LFB : Est-ce que parfois tu as l’impression que Lucile prend plus de part sur Amaurie ? Dans les thématique que tu utilises.
Amaurie : Ouais, carrément. Le premier EP, je n’étais pas trop moi-même. J’avais besoin de jouer un peu un rôle. Là, j’ai l’impression que j’arrive à faire d’Amaurie, moi. C’est trop agréable parce que du coup, j’arrive à me transposer dans ce monde. J’arrive à fusionner ce que je voulais faire. Ce truc un peu magique d’Amaurie mêlé à juste quelqu’un de normal qui habite à Paris, qui bouffe, qui dort.
LFB : Qu’est-ce que tu prévois pour ton 29 janvier au Pop Up ?
Amaurie : C’est une soirée qui s’annonce magique. Je vais faire tout mon EP, mes anciens morceaux. Il y aura aussi des exclus, avec des guests. Des morceaux que je n’ai jamais faits sur scène. Il y aura beaucoup de guests. Et bien sûr, mes musiciens de toujours Milan Tabak mon batteur et Dee Huang ma guitariste pour m’accompagner.

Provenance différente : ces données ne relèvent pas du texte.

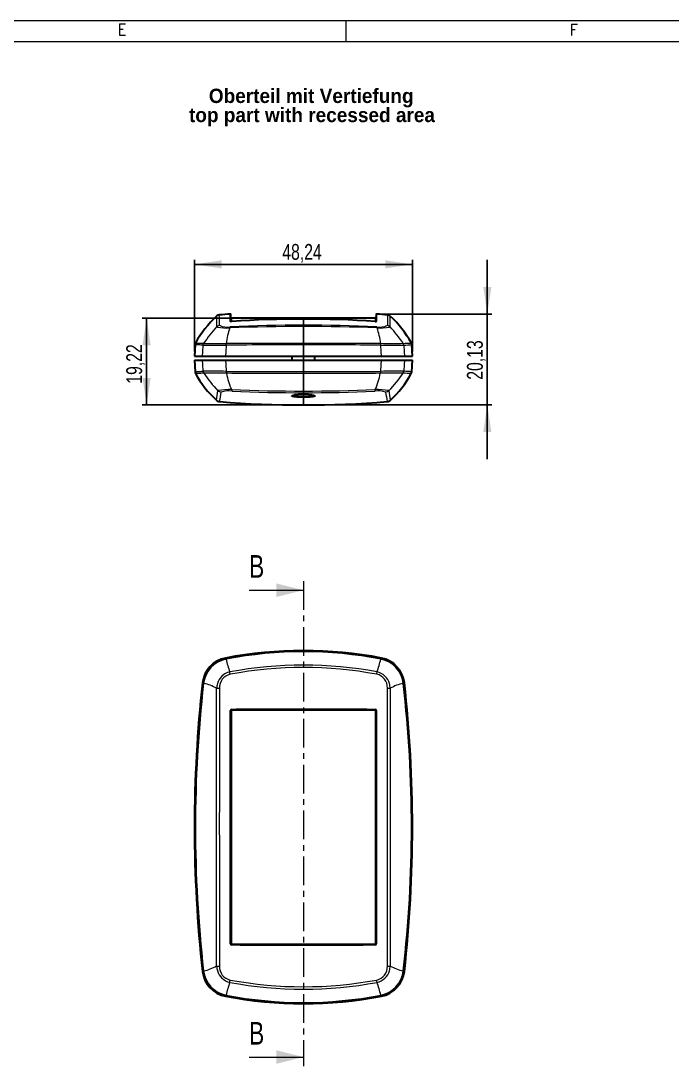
# Model space of a CAD drawing. Header units: millimetres. Extents: x 0 to 1188, y 0 to 841.
# Drawn here: x 432.8 to 576.9, y 609.2 to 840.6 of the extents above; entities that cross this region are included whole.
import ezdxf

# ---------------------------------------------------------------- set-up
doc = ezdxf.new("R2010")
doc.units = ezdxf.units.MM
doc.linetypes.add('SLD-Dicke-Dünne-Kette', pattern=[10.16, 6.35, -1.27, 1.27, -1.27])
doc.linetypes.add('SLD-Durchgehend', pattern=[0])
doc.styles.add('SLDTEXTSTYLE0', font='arialbd.ttf', dxfattribs={"width": 0.948})
doc.styles.add('SLDTEXTSTYLE2', font='simplex_.ttf', dxfattribs={"width": 0.95})
doc.styles.add('SLDTEXTSTYLE3', font='ARIALN.TTF', dxfattribs={"width": 0.87})
doc.dimstyles.new('SLDDIMSTYLE2', dxfattribs={"dimtxt": 3.5, "dimasz": 6, "dimexe": 0, "dimexo": 0.0625, "dimgap": 0.875, "dimtad": 1, "dimrnd": 1e-09, "dimzin": 12, "dimdsep": 46, "dimtxsty": 'SLDTEXTSTYLE3', "dimsah": 1, "dimcen": 0.09, "dimadec": 0, "dimazin": 3, "dimtfac": 1, "dimtofl": 0, "dimtmove": 0, "dimatfit": 3, "dimfxl": 0, "dimfrac": 2, "dimtolj": 1, "dimtzin": 12, "dimarcsym": 0})
doc.dimstyles.new('SLDDIMSTYLE3', dxfattribs={"dimtxt": 3.5, "dimasz": 6, "dimexe": 0, "dimexo": 0.0625, "dimgap": 0.875, "dimtad": 1, "dimrnd": 1e-09, "dimzin": 12, "dimdsep": 46, "dimtxsty": 'SLDTEXTSTYLE3', "dimsah": 1, "dimcen": 0.09, "dimadec": 0, "dimazin": 3, "dimtfac": 1, "dimtmove": 0, "dimatfit": 0, "dimfxl": 0, "dimfrac": 2, "dimtolj": 1, "dimtzin": 12, "dimarcsym": 0})

# ---------------------------------------------------------------- blocks, each defined once
blk = doc.blocks.new('SW_NOTE_1')
at = {"color": 0, "char_height": 3.175, "attachment_point": 2, "style": 'SLDTEXTSTYLE0'}
for s, insert in [('Oberteil mit Vertiefung ', (23.51, 4.09)), ('top part with recessed area', (23.68, -0.14))]:
    blk.add_mtext(s, dxfattribs=dict(at, insert=insert))
blk = doc.blocks.new('_D_22')
for p, q in [((494.3, 774.78), (459.61, 774.78)), ((460.61, 774.78), (460.61, 755.57)), ((494.32, 755.57), (459.61, 755.57))]:
    blk.add_line(p, q)
for points in [[(460.61, 774.78), (459.71, 768.78), (461.51, 768.78)], [(460.61, 755.57), (461.51, 761.57), (459.71, 761.57)]]:
    blk.add_solid(points)
at = {"insert": (456.1, 760.28), "char_height": 3.5, "attachment_point": 1, "rotation": 90, "style": 'SLDTEXTSTYLE3'}
blk.add_mtext('19,22', dxfattribs=at)
blk = doc.blocks.new('_D_23')
for p, q in [((536.02, 775.7), (536.02, 787.7)), ((512.52, 775.7), (537.02, 775.7)), ((536.02, 775.7), (536.02, 755.57)), ((496.32, 755.57), (537.02, 755.57)), ((536.02, 755.57), (536.02, 743.57))]:
    blk.add_line(p, q)
for points in [[(536.02, 775.7), (536.92, 781.7), (535.12, 781.7)], [(536.02, 755.57), (535.12, 749.57), (536.92, 749.57)]]:
    blk.add_solid(points)
at = {"insert": (531.51, 761.16), "char_height": 3.5, "attachment_point": 1, "rotation": 90, "style": 'SLDTEXTSTYLE3'}
blk.add_mtext('20,13', dxfattribs=at)
blk = doc.blocks.new('_D_24')
for p, q in [((471.2, 767.38), (471.2, 787.7)), ((519.44, 767.38), (519.44, 787.7)), ((471.2, 786.7), (519.44, 786.7))]:
    blk.add_line(p, q)
for points in [[(471.2, 786.7), (477.2, 785.8), (477.2, 787.6)], [(519.44, 786.7), (513.44, 787.6), (513.44, 785.8)]]:
    blk.add_solid(points)
at = {"insert": (490.64, 791.21), "char_height": 3.5, "attachment_point": 1, "style": 'SLDTEXTSTYLE3'}
blk.add_mtext('48,24', dxfattribs=at)

msp = doc.modelspace()

# ---------------------------------------------------------------- linework, layer by layer
at = {"color": 7, "linetype": 'SLD-Durchgehend', "lineweight": 0}
for p, q in [((1188.499, 840.6), (0.399, 840.6)), ((504.799, 836), (504.799, 840.6)), ((1183.799, 836), (24.799, 836)), ((479.116, 774.076), (479.116, 775.695)), ((479.223, 775.6), (479.223, 774.054)), ((511.409, 774.055), (511.409, 775.604)), ((511.516, 775.695), (511.516, 774.076)), ((479.261, 774.053), (479.261, 774.877)), ((479.361, 774.782), (479.361, 774.052)), ((479.466, 774.057), (479.466, 774.056)), ((511.167, 774.057), (511.167, 774.056)), ((511.246, 774.055), (511.246, 774.782)), ((511.345, 774.873), (511.345, 774.054)), ((473.089, 763.035), (473.094, 763.036)), ((478.195, 763.014), (478.278, 763.013)), ((512.357, 763.012), (512.441, 763.014)), ((517.542, 763.036), (517.547, 763.035)), ((483.318, 714.565), (495.318, 714.565)), ((479.116, 636.304), (479.116, 687.91)), ((479.223, 687.898), (479.223, 636.316)), ((479.261, 636.407), (479.261, 687.807)), ((479.361, 687.795), (479.361, 636.419)), ((479.511, 688.055), (511.095, 688.055)), ((479.511, 687.944), (479.511, 688.055)), ((511.095, 687.944), (479.511, 687.944)), ((511.095, 687.944), (511.095, 688.055)), ((511.246, 636.419), (511.246, 687.795)), ((511.345, 687.806), (511.345, 636.407)), ((511.409, 636.315), (511.409, 687.898)), ((511.516, 687.91), (511.516, 636.304)), ((479.511, 636.27), (511.095, 636.27)), ((479.511, 636.158), (479.511, 636.27)), ((511.095, 636.158), (479.511, 636.158)), ((511.095, 636.158), (511.095, 636.27)), ((483.318, 611.207), (495.318, 611.207))]:
    msp.add_line(p, q, dxfattribs=at)
at = {"color": 7, "linetype": 'SLD-Durchgehend', "lineweight": 30}
for p, q in [((479.261, 774.877), (479.223, 775.6)), ((511.409, 775.604), (511.345, 774.873)), ((511.246, 774.782), (479.361, 774.782)), ((471.334, 768.957), (471.199, 766.376)), ((519.436, 766.376), (519.301, 768.957)), ((471.199, 766.376), (472.979, 766.376)), ((472.979, 766.376), (478.071, 766.376)), ((478.071, 766.376), (512.564, 766.376)), ((492.777, 766.376), (492.785, 765.456)), ((497.851, 765.456), (497.859, 766.376)), ((512.564, 766.376), (517.657, 766.376)), ((517.657, 766.376), (519.436, 766.376)), ((471.199, 765.456), (471.333, 762.901)), ((471.199, 765.456), (472.979, 765.456)), ((472.979, 765.456), (478.071, 765.456)), ((478.071, 765.456), (512.564, 765.456)), ((512.564, 765.456), (517.657, 765.456)), ((517.657, 765.456), (519.436, 765.456)), ((519.302, 762.901), (519.436, 765.456)), ((476.07, 756.616), (476.07, 756.616)), ((514.566, 756.616), (514.566, 756.616))]:
    msp.add_line(p, q, dxfattribs=at)
msp.add_line((495.303, 774.782), (495.318, 755.566))
at = {"color": 7, "linetype": 'SLD-Dicke-Dünne-Kette', "lineweight": 0}
msp.add_line((495.318, 716.565), (495.318, 609.207), dxfattribs=at)
at = {"color": 7, "linetype": 'SLD-Durchgehend', "lineweight": 0, "flags": 128}
for points in [[(476.099, 772.899), (476.393, 773.11), (476.744, 773.204)], [(479.015, 772.633), (479.052, 772.806), (479.1, 772.9)], [(511.621, 772.632), (511.584, 772.805), (511.537, 772.9)], [(513.891, 773.204), (514.242, 773.11), (514.536, 772.899)], [(473.095, 768.825), (472.868, 768.835), (472.657, 768.846), (472.461, 768.857), (472.281, 768.868), (472.117, 768.879), (471.968, 768.891), (471.835, 768.902), (471.717, 768.913), (471.616, 768.923), (471.53, 768.932), (471.46, 768.94), (471.405, 768.947), (471.366, 768.952), (471.343, 768.956), (471.334, 768.957), (471.335, 768.957)], [(471.425, 769.277), (471.425, 769.277), (471.433, 769.276), (471.458, 769.274), (471.498, 769.272), (471.555, 769.268), (471.627, 769.264), (471.716, 769.26), (471.82, 769.255), (471.941, 769.25), (472.077, 769.245), (472.23, 769.24), (472.398, 769.235), (472.583, 769.23), (472.783, 769.226), (472.999, 769.221), (473.23, 769.218)], [(472.979, 766.376), (473.023, 767.306), (473.095, 768.825)], [(473.095, 768.825), (473.135, 769.031), (473.23, 769.218)], [(478.195, 768.82), (478.118, 767.306), (478.071, 766.376)], [(478.18, 768.821), (478.187, 769.029), (478.205, 769.218)], [(512.441, 768.821), (511.326, 768.827), (510.209, 768.833), (509.09, 768.838), (507.969, 768.844), (506.845, 768.849), (505.72, 768.853), (504.594, 768.857), (503.466, 768.861), (502.337, 768.864), (501.206, 768.867), (500.058, 768.87), (498.908, 768.872), (497.758, 768.874), (496.608, 768.875), (495.458, 768.875), (494.306, 768.875), (493.155, 768.874), (492.004, 768.873), (490.854, 768.871), (489.704, 768.869), (488.555, 768.866), (487.407, 768.862), (486.261, 768.859), (485.116, 768.854), (483.972, 768.85), (482.812, 768.844), (481.655, 768.839), (480.499, 768.833), (479.346, 768.827), (478.195, 768.821)], [(478.219, 769.218), (479.349, 769.22), (480.482, 769.222), (481.618, 769.225), (482.756, 769.227), (483.895, 769.229), (485.037, 769.231), (486.18, 769.232), (487.325, 769.234), (488.471, 769.235), (489.618, 769.237), (490.785, 769.238), (491.952, 769.239), (493.12, 769.239), (494.289, 769.239), (495.457, 769.24), (496.589, 769.239), (497.72, 769.239), (498.851, 769.238), (499.982, 769.237), (501.111, 769.236), (502.24, 769.235), (503.368, 769.234), (504.494, 769.232), (505.619, 769.23), (506.742, 769.229), (507.882, 769.227), (509.019, 769.225), (510.154, 769.222), (511.287, 769.22), (512.417, 769.218)], [(512.441, 768.821), (512.434, 769.029), (512.417, 769.218)], [(512.564, 766.376), (512.517, 767.306), (512.441, 768.82)], [(517.54, 768.825), (517.5, 769.031), (517.405, 769.218)], [(517.54, 768.825), (517.613, 767.306), (517.657, 766.376)], [(473.094, 763.036), (473.023, 764.522), (472.979, 765.456)], [(478.071, 765.456), (478.119, 764.522), (478.195, 763.014)], [(512.441, 763.014), (512.517, 764.522), (512.564, 765.456)], [(517.657, 765.456), (517.613, 764.522), (517.542, 763.036)], [(471.335, 762.901), (471.334, 762.901), (471.346, 762.903), (471.376, 762.907), (471.423, 762.913), (471.487, 762.921), (471.568, 762.931), (471.667, 762.941), (471.784, 762.952), (471.918, 762.964), (472.069, 762.976), (472.238, 762.989), (472.424, 763.001), (472.628, 763.013), (472.85, 763.024), (473.089, 763.035)], [(473.243, 762.585), (473, 762.582), (472.773, 762.578), (472.565, 762.574), (472.374, 762.569), (472.2, 762.565), (472.044, 762.56), (471.905, 762.555), (471.785, 762.55), (471.682, 762.546), (471.597, 762.542), (471.531, 762.538), (471.482, 762.535), (471.451, 762.534), (471.438, 762.533), (471.439, 762.533)], [(473.089, 763.035), (473.134, 762.799), (473.243, 762.585)], [(473.249, 762.585), (473.243, 762.585), (473.243, 762.585)], [(478.303, 762.577), (478.303, 762.577), (478.209, 762.578)], [(478.278, 763.013), (479.452, 763.005), (480.629, 762.999), (481.809, 762.992), (482.99, 762.986), (484.174, 762.98), (485.359, 762.975), (486.546, 762.971), (487.735, 762.966), (488.925, 762.963), (490.116, 762.959), (491.328, 762.957), (492.541, 762.955), (493.754, 762.954), (494.968, 762.954), (496.182, 762.954), (497.261, 762.955), (498.341, 762.956), (499.42, 762.958), (500.499, 762.96), (501.576, 762.963), (502.653, 762.966), (503.729, 762.97), (504.804, 762.974), (505.878, 762.978), (506.949, 762.983), (508.035, 762.988), (509.118, 762.994), (510.2, 763), (511.279, 763.006), (512.357, 763.012)], [(478.278, 763.013), (478.285, 762.785), (478.303, 762.577)], [(512.332, 762.577), (511.272, 762.575), (510.209, 762.573), (509.145, 762.571), (508.078, 762.569), (507.009, 762.567), (505.939, 762.565), (504.868, 762.563), (503.795, 762.562), (502.72, 762.56), (501.645, 762.559), (500.554, 762.558), (499.461, 762.557), (498.368, 762.556), (497.274, 762.556), (496.181, 762.555), (494.989, 762.555), (493.798, 762.555), (492.606, 762.556), (491.415, 762.557), (490.225, 762.558), (489.036, 762.559), (487.848, 762.56), (486.661, 762.562), (485.475, 762.564), (484.292, 762.566), (483.089, 762.568), (481.889, 762.57), (480.691, 762.572), (479.495, 762.575), (478.303, 762.577)], [(512.357, 763.012), (512.35, 762.785), (512.332, 762.577)], [(512.427, 762.578), (512.332, 762.577), (512.332, 762.577)], [(517.393, 762.585), (517.393, 762.585), (517.386, 762.585)], [(517.393, 762.585), (517.501, 762.799), (517.547, 763.035)], [(477.123, 758.389), (476.737, 758.489), (476.408, 758.714)], [(479.406, 758.963), (479.45, 758.737), (479.508, 758.619)], [(495.318, 757.895), (495.493, 757.894), (495.668, 757.892), (495.841, 757.888), (496.012, 757.882), (496.179, 757.876), (496.342, 757.867), (496.501, 757.857), (496.655, 757.846), (496.803, 757.834), (496.944, 757.82), (497.078, 757.805), (497.204, 757.789), (497.322, 757.772), (497.431, 757.754), (497.53, 757.735), (497.62, 757.715), (497.699, 757.694), (497.768, 757.672), (497.826, 757.65), (497.872, 757.628), (497.906, 757.605), (497.929, 757.582), (497.94, 757.558), (497.939, 757.535), (497.926, 757.512), (497.901, 757.489), (497.863, 757.466), (497.814, 757.443), (497.753, 757.421), (497.682, 757.399), (497.599, 757.379), (497.505, 757.358), (497.401, 757.339), (497.288, 757.321), (497.166, 757.304), (497.036, 757.288), (496.897, 757.273), (496.751, 757.26), (496.599, 757.248), (496.441, 757.237), (496.279, 757.228), (496.112, 757.22), (495.941, 757.214), (495.768, 757.209), (495.593, 757.206), (495.412, 757.204), (495.23, 757.204), (495.049, 757.206), (494.875, 757.209), (494.702, 757.214), (494.532, 757.22), (494.366, 757.227), (494.205, 757.236), (494.049, 757.247), (493.898, 757.259), (493.753, 757.272), (493.616, 757.286), (493.486, 757.302), (493.365, 757.319), (493.252, 757.336), (493.148, 757.355), (493.054, 757.375), (492.97, 757.395), (492.897, 757.416), (492.834, 757.438), (492.783, 757.46), (492.743, 757.483), (492.715, 757.506), (492.699, 757.529), (492.695, 757.553), (492.703, 757.576), (492.723, 757.599), (492.754, 757.622), (492.798, 757.645), (492.854, 757.668), (492.921, 757.689), (492.999, 757.711), (493.088, 757.731), (493.187, 757.751), (493.296, 757.769), (493.415, 757.787), (493.542, 757.803), (493.677, 757.819), (493.819, 757.833), (493.969, 757.845), (494.124, 757.857), (494.285, 757.867), (494.451, 757.875), (494.619, 757.882), (494.791, 757.888), (494.966, 757.892), (495.142, 757.894), (495.318, 757.895)], [(511.229, 758.964), (511.186, 758.738), (511.128, 758.619)], [(514.227, 758.714), (513.899, 758.489), (513.512, 758.389)], [(513.881, 756.317), (513.881, 756.317), (513.881, 756.32), (513.88, 756.33), (513.876, 756.347), (513.872, 756.371)], [(478.071, 699.544), (478.118, 699.503), (478.195, 699.437)], [(478.205, 699.297), (478.187, 699.394), (478.179, 699.434)], [(512.417, 699.3), (512.434, 699.396), (512.441, 699.437)], [(512.441, 699.437), (512.517, 699.503), (512.564, 699.544)], [(479.1, 695.952), (479.052, 696.23), (479.015, 696.468)], [(511.535, 695.955), (511.583, 696.232), (511.62, 696.471)], [(473.095, 693.931), (473.023, 693.999), (472.979, 694.041)], [(473.23, 693.917), (473.135, 693.927), (473.095, 693.931)], [(476.099, 692.843), (476.393, 692.875), (476.744, 692.889)], [(476.099, 631.365), (476.1, 633.146), (476.1, 634.93), (476.1, 636.716), (476.101, 638.503), (476.102, 640.293), (476.102, 642.084), (476.103, 643.877), (476.104, 645.671), (476.105, 647.475), (476.106, 649.28), (476.106, 651.086), (476.107, 652.893), (476.108, 654.552), (476.108, 656.21), (476.109, 657.87), (476.109, 659.529), (476.109, 661.189), (476.109, 662.849), (476.109, 664.508), (476.109, 666.168), (476.108, 667.835), (476.108, 669.501), (476.107, 671.167), (476.107, 672.832), (476.106, 674.504), (476.105, 676.176), (476.104, 677.847), (476.103, 679.516), (476.103, 681.184), (476.102, 682.851), (476.101, 684.517), (476.101, 686.181), (476.1, 687.851), (476.1, 689.519), (476.1, 691.185), (476.099, 692.849)], [(476.744, 692.889), (476.743, 691.23), (476.742, 689.568), (476.74, 687.905), (476.737, 686.24), (476.734, 684.574), (476.731, 682.906), (476.728, 681.237), (476.725, 679.566), (476.721, 677.887), (476.718, 676.207), (476.715, 674.527), (476.713, 672.845), (476.71, 671.185), (476.708, 669.524), (476.706, 667.863), (476.704, 666.202), (476.703, 664.54), (476.703, 662.878), (476.703, 661.216), (476.704, 659.555), (476.705, 657.886), (476.706, 656.218), (476.708, 654.55), (476.71, 652.882), (476.713, 651.081), (476.716, 649.281), (476.719, 647.481), (476.723, 645.683), (476.726, 643.886), (476.729, 642.09), (476.733, 640.296), (476.736, 638.504), (476.739, 636.705), (476.741, 634.907), (476.743, 633.112), (476.744, 631.319)], [(513.891, 631.322), (513.892, 633.105), (513.894, 634.891), (513.897, 636.68), (513.9, 638.47), (513.903, 640.261), (513.906, 642.055), (513.91, 643.85), (513.913, 645.647), (513.916, 647.453), (513.92, 649.261), (513.923, 651.07), (513.925, 652.879), (513.928, 654.54), (513.93, 656.201), (513.931, 657.863), (513.932, 659.525), (513.933, 661.187), (513.933, 662.849), (513.932, 664.511), (513.931, 666.173), (513.93, 667.842), (513.928, 669.51), (513.926, 671.178), (513.923, 672.845), (513.92, 674.52), (513.917, 676.195), (513.914, 677.868), (513.911, 679.541), (513.908, 681.212), (513.905, 682.882), (513.902, 684.551), (513.899, 686.218), (513.896, 687.891), (513.894, 689.562), (513.892, 691.231), (513.891, 692.898)], [(513.891, 692.898), (514.242, 692.881), (514.536, 692.846)], [(514.536, 692.852), (514.536, 691.195), (514.536, 689.535), (514.535, 687.874), (514.535, 686.211), (514.534, 684.547), (514.534, 682.881), (514.533, 681.213), (514.532, 679.544), (514.531, 677.868), (514.531, 676.19), (514.53, 674.511), (514.529, 672.832), (514.528, 671.174), (514.528, 669.515), (514.527, 667.856), (514.527, 666.197), (514.526, 664.537), (514.526, 662.877), (514.526, 661.217), (514.526, 659.557), (514.527, 657.89), (514.527, 656.223), (514.528, 654.556), (514.528, 652.89), (514.529, 651.092), (514.53, 649.294), (514.531, 647.498), (514.532, 645.702), (514.533, 643.908), (514.533, 642.116), (514.534, 640.324), (514.535, 638.535), (514.535, 636.739), (514.536, 634.944), (514.536, 633.152), (514.536, 631.361)], [(517.405, 693.918), (517.5, 693.927), (517.54, 693.931)], [(517.657, 694.041), (517.613, 693.999), (517.54, 693.931)], [(479.261, 687.807), (479.24, 687.858), (479.223, 687.898)], [(479.466, 688.26), (479.665, 688.262), (480.463, 688.269), (482.06, 688.281), (483.658, 688.292), (485.257, 688.301), (486.855, 688.31), (488.455, 688.316), (490.054, 688.322), (491.656, 688.326), (493.257, 688.328), (494.858, 688.329), (496.46, 688.329), (498.299, 688.327), (500.137, 688.323), (501.976, 688.317), (503.814, 688.309), (505.653, 688.3), (507.492, 688.289), (509.33, 688.275), (511.167, 688.26)], [(511.16, 688.148), (509.188, 688.165), (507.215, 688.179), (505.241, 688.19), (503.266, 688.2), (501.291, 688.208), (499.315, 688.213), (497.339, 688.216), (495.363, 688.217), (493.387, 688.216), (491.411, 688.213), (489.435, 688.208), (487.46, 688.2), (485.462, 688.191), (483.465, 688.179), (481.468, 688.165), (479.472, 688.148)], [(479.472, 688.148), (479.492, 688.102), (479.511, 688.055)], [(511.095, 688.055), (511.129, 688.104), (511.16, 688.148)], [(511.409, 687.898), (511.374, 687.848), (511.345, 687.806)], [(479.223, 636.316), (479.244, 636.366), (479.261, 636.407)], [(511.345, 636.407), (511.381, 636.356), (511.409, 636.315)], [(511.167, 635.953), (510.967, 635.952), (510.169, 635.945), (508.572, 635.933), (506.974, 635.922), (505.376, 635.912), (503.777, 635.904), (502.177, 635.897), (500.578, 635.892), (498.977, 635.888), (497.375, 635.886), (495.774, 635.884), (494.172, 635.885), (492.334, 635.887), (490.495, 635.891), (488.656, 635.897), (486.818, 635.904), (484.979, 635.914), (483.14, 635.925), (481.303, 635.938), (479.466, 635.953)], [(479.511, 636.158), (479.492, 636.111), (479.472, 636.065)], [(479.472, 636.065), (481.444, 636.049), (483.417, 636.035), (485.391, 636.023), (487.366, 636.014), (489.341, 636.006), (491.317, 636.001), (493.293, 635.997), (495.269, 635.996), (497.245, 635.997), (499.221, 636), (501.197, 636.006), (503.172, 636.013), (505.17, 636.023), (507.168, 636.035), (509.164, 636.049), (511.16, 636.065)], [(511.16, 636.065), (511.129, 636.11), (511.095, 636.158)], [(472.979, 630.172), (473.023, 630.214), (473.095, 630.283)], [(473.095, 630.283), (473.135, 630.287), (473.23, 630.296)], [(476.099, 631.365), (476.393, 631.333), (476.744, 631.319)], [(513.891, 631.319), (514.242, 631.333), (514.536, 631.364)], [(517.54, 630.283), (517.5, 630.286), (517.405, 630.296)], [(517.54, 630.283), (517.613, 630.214), (517.657, 630.172)], [(479.015, 627.745), (479.052, 627.984), (479.1, 628.262)], [(511.621, 627.743), (511.584, 627.982), (511.537, 628.259)], [(478.195, 624.777), (478.118, 624.71), (478.071, 624.67)], [(478.18, 624.78), (478.187, 624.82), (478.205, 624.916)], [(512.441, 624.777), (512.434, 624.817), (512.417, 624.914)], [(512.564, 624.67), (512.517, 624.71), (512.441, 624.777)]]:
    msp.add_lwpolyline(points, dxfattribs=at)
at = {"color": 7, "linetype": 'SLD-Durchgehend', "lineweight": 30, "flags": 128}
for points in [[(479.466, 774.057), (479.45, 774.056), (479.413, 774.054), (479.378, 774.052), (479.343, 774.051), (479.31, 774.051), (479.28, 774.051), (479.252, 774.052), (479.227, 774.053), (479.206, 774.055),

LFB : Quand on produit quelque chose d’aussi pop, toi qui envisages le live de plusieurs manières différentes, là tu le fais en full band. Qu’est-ce que ça t’apporte d’avoir quelque chose d’un peu plus organique et de plus ouvert musicalement ?
Amaurie : Je pense que je fais de la musique en partie pour ça. Pour composer mais aussi pour jouer dans un groupe. Ça paraît cliché mais au départ, c’est juste être sur scène. Je fais de la musique pour jouer dans un groupe. La sensation est indescriptible et c’est comme ça que j’ai vraiment l’impression de faire de la musique. Quand tu es sur scène et que tu es avec des musiciens, il y a une sorte de trans qui se crée. Les énergies doivent vraiment s’aligner. Il y a un truc d’écoute qui est incroyable. Donc oui, idéalement j’aimerais même qu’on soit plus. J’ai aussi une formule solo parce que c’est les besoins.
LFB : Si on pouvait t’accorder trois vœux pour 2024, ça serait quoi ?
Amaurie : Finir mon album. Deuxièmement, que 2024 m’offre les meilleures conditions pour le sortir. Et puis transformer le cercle vicieux dans lequel on peut parfois tomber quand on est artiste : manger, payer un loyer. Ce truc-là, essayer d’en faire un peu plus un cercle vertueux. Faire plus de musique, moins de travail alimentaire.
LFB : Est-ce que tu as des coups de cœur récents que tu veux partager avec nous ?Amaurie : Suzane Belaubre. Je t’en aurais parlé même si ce n’était pas ma première partie au Pop Up parce que franchement, je trouve que c’est incroyable ce qu’elle fait. C’est une vraie musicienne, elle travaille beaucoup, beaucoup sa musique. Comme on a fait un feat, je l’ai vue à l’œuvre en studio. Elle sait où elle va. Pour moi, c’est une artiste à suivre. Sinon, j’ai trop kiffé Les trois mousquetaires, le premier. Je n’ai pas vu le deux. J’ai vu Le règne animal, c’est génial.